What you have to do: What is needed is an exact copy of the listing, with no pictures in it.
Top of Material provided
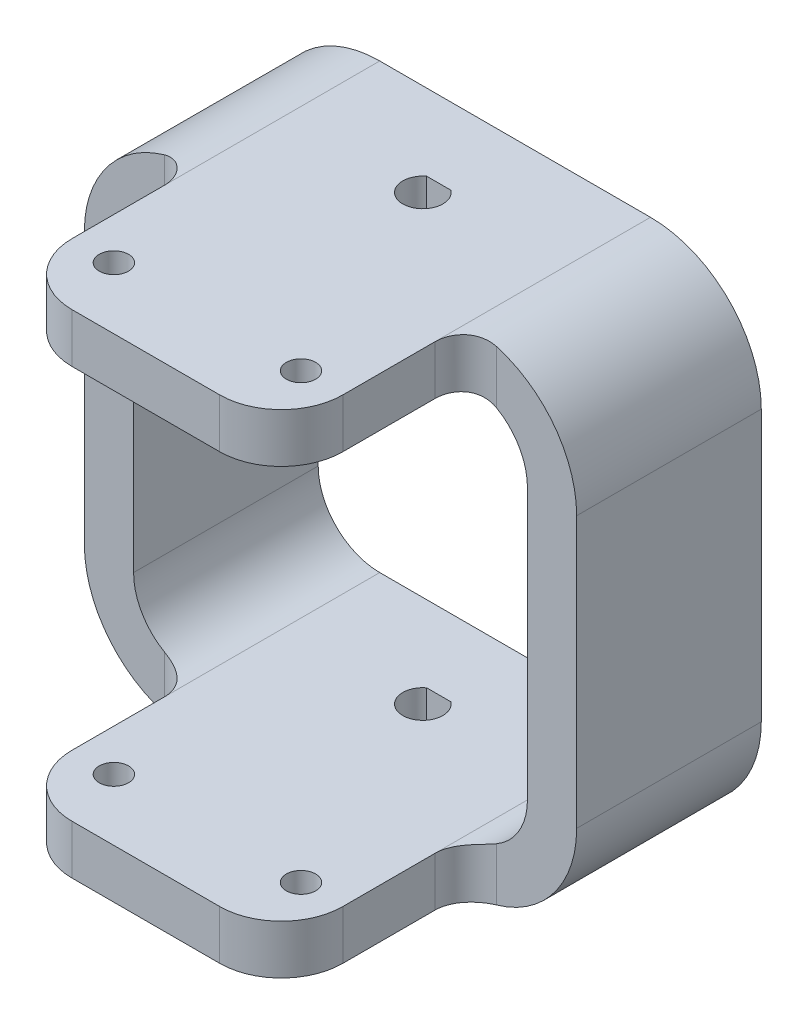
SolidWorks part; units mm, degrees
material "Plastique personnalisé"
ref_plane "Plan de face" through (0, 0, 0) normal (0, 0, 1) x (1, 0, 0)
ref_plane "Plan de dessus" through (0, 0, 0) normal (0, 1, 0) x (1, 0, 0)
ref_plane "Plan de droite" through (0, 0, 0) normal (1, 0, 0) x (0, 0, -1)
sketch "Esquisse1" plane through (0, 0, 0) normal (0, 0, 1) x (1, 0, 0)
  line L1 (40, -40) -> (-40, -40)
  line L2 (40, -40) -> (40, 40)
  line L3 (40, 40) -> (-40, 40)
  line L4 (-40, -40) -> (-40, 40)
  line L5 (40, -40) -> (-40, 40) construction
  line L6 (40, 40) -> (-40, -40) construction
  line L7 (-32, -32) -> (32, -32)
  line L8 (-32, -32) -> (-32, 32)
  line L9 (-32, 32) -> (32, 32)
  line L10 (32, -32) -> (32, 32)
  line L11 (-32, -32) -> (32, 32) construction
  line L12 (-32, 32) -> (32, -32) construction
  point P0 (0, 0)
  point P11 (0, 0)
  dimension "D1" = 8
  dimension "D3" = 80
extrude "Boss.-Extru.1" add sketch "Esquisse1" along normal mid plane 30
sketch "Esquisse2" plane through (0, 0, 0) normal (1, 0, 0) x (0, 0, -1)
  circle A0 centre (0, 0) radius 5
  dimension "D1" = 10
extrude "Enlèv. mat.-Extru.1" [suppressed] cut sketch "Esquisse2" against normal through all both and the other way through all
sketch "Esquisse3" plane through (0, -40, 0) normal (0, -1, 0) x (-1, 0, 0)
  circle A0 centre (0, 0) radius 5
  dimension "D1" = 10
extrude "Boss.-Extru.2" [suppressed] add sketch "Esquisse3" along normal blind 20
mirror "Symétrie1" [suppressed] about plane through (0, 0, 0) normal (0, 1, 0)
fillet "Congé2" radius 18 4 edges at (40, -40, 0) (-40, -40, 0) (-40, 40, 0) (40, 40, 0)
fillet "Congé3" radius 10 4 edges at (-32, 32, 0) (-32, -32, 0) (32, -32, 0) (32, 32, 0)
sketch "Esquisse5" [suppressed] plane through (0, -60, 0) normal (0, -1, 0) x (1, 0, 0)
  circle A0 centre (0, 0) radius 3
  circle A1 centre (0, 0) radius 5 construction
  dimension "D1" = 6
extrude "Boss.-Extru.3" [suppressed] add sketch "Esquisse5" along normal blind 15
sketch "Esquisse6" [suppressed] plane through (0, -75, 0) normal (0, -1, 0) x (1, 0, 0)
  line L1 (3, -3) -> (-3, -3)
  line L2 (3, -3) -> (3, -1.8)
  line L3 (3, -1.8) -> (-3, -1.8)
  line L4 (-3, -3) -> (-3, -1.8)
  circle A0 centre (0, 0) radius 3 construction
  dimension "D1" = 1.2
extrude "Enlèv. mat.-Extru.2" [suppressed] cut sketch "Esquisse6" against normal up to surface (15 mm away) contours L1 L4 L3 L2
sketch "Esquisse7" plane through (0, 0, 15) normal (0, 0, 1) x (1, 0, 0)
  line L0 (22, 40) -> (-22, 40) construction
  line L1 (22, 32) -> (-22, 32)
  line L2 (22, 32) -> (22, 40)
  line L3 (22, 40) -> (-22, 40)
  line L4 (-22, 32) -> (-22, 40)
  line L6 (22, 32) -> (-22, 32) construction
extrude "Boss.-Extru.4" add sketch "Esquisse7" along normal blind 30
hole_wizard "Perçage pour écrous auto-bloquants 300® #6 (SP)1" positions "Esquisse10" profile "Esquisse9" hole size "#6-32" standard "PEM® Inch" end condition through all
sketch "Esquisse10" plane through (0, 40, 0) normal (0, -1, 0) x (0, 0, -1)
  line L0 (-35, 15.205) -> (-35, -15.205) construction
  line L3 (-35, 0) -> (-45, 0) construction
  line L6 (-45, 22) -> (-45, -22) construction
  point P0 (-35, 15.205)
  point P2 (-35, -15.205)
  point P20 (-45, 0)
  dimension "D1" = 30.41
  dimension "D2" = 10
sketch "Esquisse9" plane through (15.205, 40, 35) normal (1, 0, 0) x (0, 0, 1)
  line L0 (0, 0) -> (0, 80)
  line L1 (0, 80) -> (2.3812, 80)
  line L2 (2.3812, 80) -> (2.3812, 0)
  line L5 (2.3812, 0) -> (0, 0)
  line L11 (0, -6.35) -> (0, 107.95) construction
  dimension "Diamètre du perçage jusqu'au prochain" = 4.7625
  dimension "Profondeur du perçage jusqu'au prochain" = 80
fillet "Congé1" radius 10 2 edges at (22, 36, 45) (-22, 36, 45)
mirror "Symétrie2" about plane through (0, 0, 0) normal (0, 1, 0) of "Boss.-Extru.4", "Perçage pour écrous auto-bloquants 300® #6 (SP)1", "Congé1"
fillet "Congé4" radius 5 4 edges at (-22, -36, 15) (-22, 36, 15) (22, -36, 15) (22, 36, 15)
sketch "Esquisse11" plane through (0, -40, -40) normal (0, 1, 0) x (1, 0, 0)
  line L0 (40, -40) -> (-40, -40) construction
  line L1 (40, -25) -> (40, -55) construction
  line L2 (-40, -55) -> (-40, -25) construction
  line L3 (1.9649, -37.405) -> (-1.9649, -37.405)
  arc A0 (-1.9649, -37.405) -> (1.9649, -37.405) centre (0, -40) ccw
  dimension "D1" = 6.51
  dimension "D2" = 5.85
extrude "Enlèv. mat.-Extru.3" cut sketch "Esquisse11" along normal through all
Bottom of Material provided
Output of the task:
SolidWorks part; units mm, degrees
material "Plastique personnalisé"
ref_plane "Plan de face" through (0, 0, 0) normal (0, 0, 1) x (1, 0, 0)
ref_plane "Plan de dessus" through (0, 0, 0) normal (0, 1, 0) x (1, 0, 0)
ref_plane "Plan de droite" through (0, 0, 0) normal (1, 0, 0) x (0, 0, -1)
sketch "Esquisse1" plane through (0, 0, 0) normal (0, 0, 1) x (1, 0, 0)
  line L1 (40, -40) -> (-40, -40)
  line L2 (40, -40) -> (40, 40)
  line L3 (40, 40) -> (-40, 40)
  line L4 (-40, -40) -> (-40, 40)
  line L5 (40, -40) -> (-40, 40) construction
  line L6 (40, 40) -> (-40, -40) construction
  line L7 (-32, -32) -> (32, -32)
  line L8 (-32, -32) -> (-32, 32)
  line L9 (-32, 32) -> (32, 32)
  line L10 (32, -32) -> (32, 32)
  line L11 (-32, -32) -> (32, 32) construction
  line L12 (-32, 32) -> (32, -32) construction
  point P0 (0, 0)
  point P11 (0, 0)
  dimension "D1" = 8
  dimension "D3" = 80
extrude "Boss.-Extru.1" add sketch "Esquisse1" along normal mid plane 30
sketch "Esquisse2" plane through (0, 0, 0) normal (1, 0, 0) x (0, 0, -1)
  circle A0 centre (0, 0) radius 5
  dimension "D1" = 10
extrude "Enlèv. mat.-Extru.1" [suppressed] cut sketch "Esquisse2" against normal through all both and the other way through all
sketch "Esquisse3" plane through (0, -40, 0) normal (0, -1, 0) x (-1, 0, 0)
  circle A0 centre (0, 0) radius 5
  dimension "D1" = 10
extrude "Boss.-Extru.2" [suppressed] add sketch "Esquisse3" along normal blind 20
mirror "Symétrie1" [suppressed] about plane through (0, 0, 0) normal (0, 1, 0)
fillet "Congé2" radius 18 4 edges at (40, -40, 0) (-40, -40, 0) (-40, 40, 0) (40, 40, 0)
fillet "Congé3" radius 10 4 edges at (-32, 32, 0) (-32, -32, 0) (32, -32, 0) (32, 32, 0)
sketch "Esquisse5" [suppressed] plane through (0, -60, 0) normal (0, -1, 0) x (1, 0, 0)
  circle A0 centre (0, 0) radius 3
  circle A1 centre (0, 0) radius 5 construction
  dimension "D1" = 6
extrude "Boss.-Extru.3" [suppressed] add sketch "Esquisse5" along normal blind 15
sketch "Esquisse6" [suppressed] plane through (0, -75, 0) normal (0, -1, 0) x (1, 0, 0)
  line L1 (3, -3) -> (-3, -3)
  line L2 (3, -3) -> (3, -1.8)
  line L3 (3, -1.8) -> (-3, -1.8)
  line L4 (-3, -3) -> (-3, -1.8)
  circle A0 centre (0, 0) radius 3 construction
  dimension "D1" = 1.2
extrude "Enlèv. mat.-Extru.2" [suppressed] cut sketch "Esquisse6" against normal up to surface (15 mm away) contours L1 L4 L3 L2
sketch "Esquisse7" plane through (0, 0, 15) normal (0, 0, 1) x (1, 0, 0)
  line L0 (22, 40) -> (-22, 40) construction
  line L1 (22, 32) -> (-22, 32)
  line L2 (22, 32) -> (22, 40)
  line L3 (22, 40) -> (-22, 40)
  line L4 (-22, 32) -> (-22, 40)
  line L6 (22, 32) -> (-22, 32) construction
extrude "Boss.-Extru.4" add sketch "Esquisse7" along normal blind 30
hole_wizard "Perçage pour écrous auto-bloquants 300® #6 (SP)1" positions "Esquisse10" profile "Esquisse9" hole size "#6-32" standard "PEM® Inch" end condition through all
sketch "Esquisse10" plane through (0, 40, 0) normal (0, -1, 0) x (0, 0, -1)
  line L0 (-35, 15.205) -> (-35, -15.205) construction
  line L3 (-35, 0) -> (-45, 0) construction
  line L6 (-45, 22) -> (-45, -22) construction
  point P0 (-35, 15.205)
  point P2 (-35, -15.205)
  point P20 (-45, 0)
  dimension "D1" = 30.41
  dimension "D2" = 10
sketch "Esquisse9" plane through (15.205, 40, 35) normal (1, 0, 0) x (0, 0, 1)
  line L0 (0, 0) -> (0, 80)
  line L1 (0, 80) -> (2.3812, 80)
  line L2 (2.3812, 80) -> (2.3812, 0)
  line L5 (2.3812, 0) -> (0, 0)
  line L11 (0, -6.35) -> (0, 107.95) construction
  dimension "Diamètre du perçage jusqu'au prochain" = 4.7625
  dimension "Profondeur du perçage jusqu'au prochain" = 80
fillet "Congé1" radius 10 2 edges at (22, 36, 45) (-22, 36, 45)
mirror "Symétrie2" about plane through (0, 0, 0) normal (0, 1, 0) of "Boss.-Extru.4", "Perçage pour écrous auto-bloquants 300® #6 (SP)1", "Congé1"
fillet "Congé4" radius 5 4 edges at (-22, -36, 15) (-22, 36, 15) (22, -36, 15) (22, 36, 15)
sketch "Esquisse11" plane through (0, -40, -40) normal (0, 1, 0) x (1, 0, 0)
  line L0 (40, -40) -> (-40, -40) construction
  line L1 (40, -25) -> (40, -55) construction
  line L2 (-40, -55) -> (-40, -25) construction
  line L3 (1.9649, -37.405) -> (-1.9649, -37.405)
  arc A0 (-1.9649, -37.405) -> (1.9649, -37.405) centre (0, -40) ccw
  dimension "D1" = 6.51
  dimension "D2" = 5.85
extrude "Enlèv. mat.-Extru.3" cut sketch "Esquisse11" along normal through all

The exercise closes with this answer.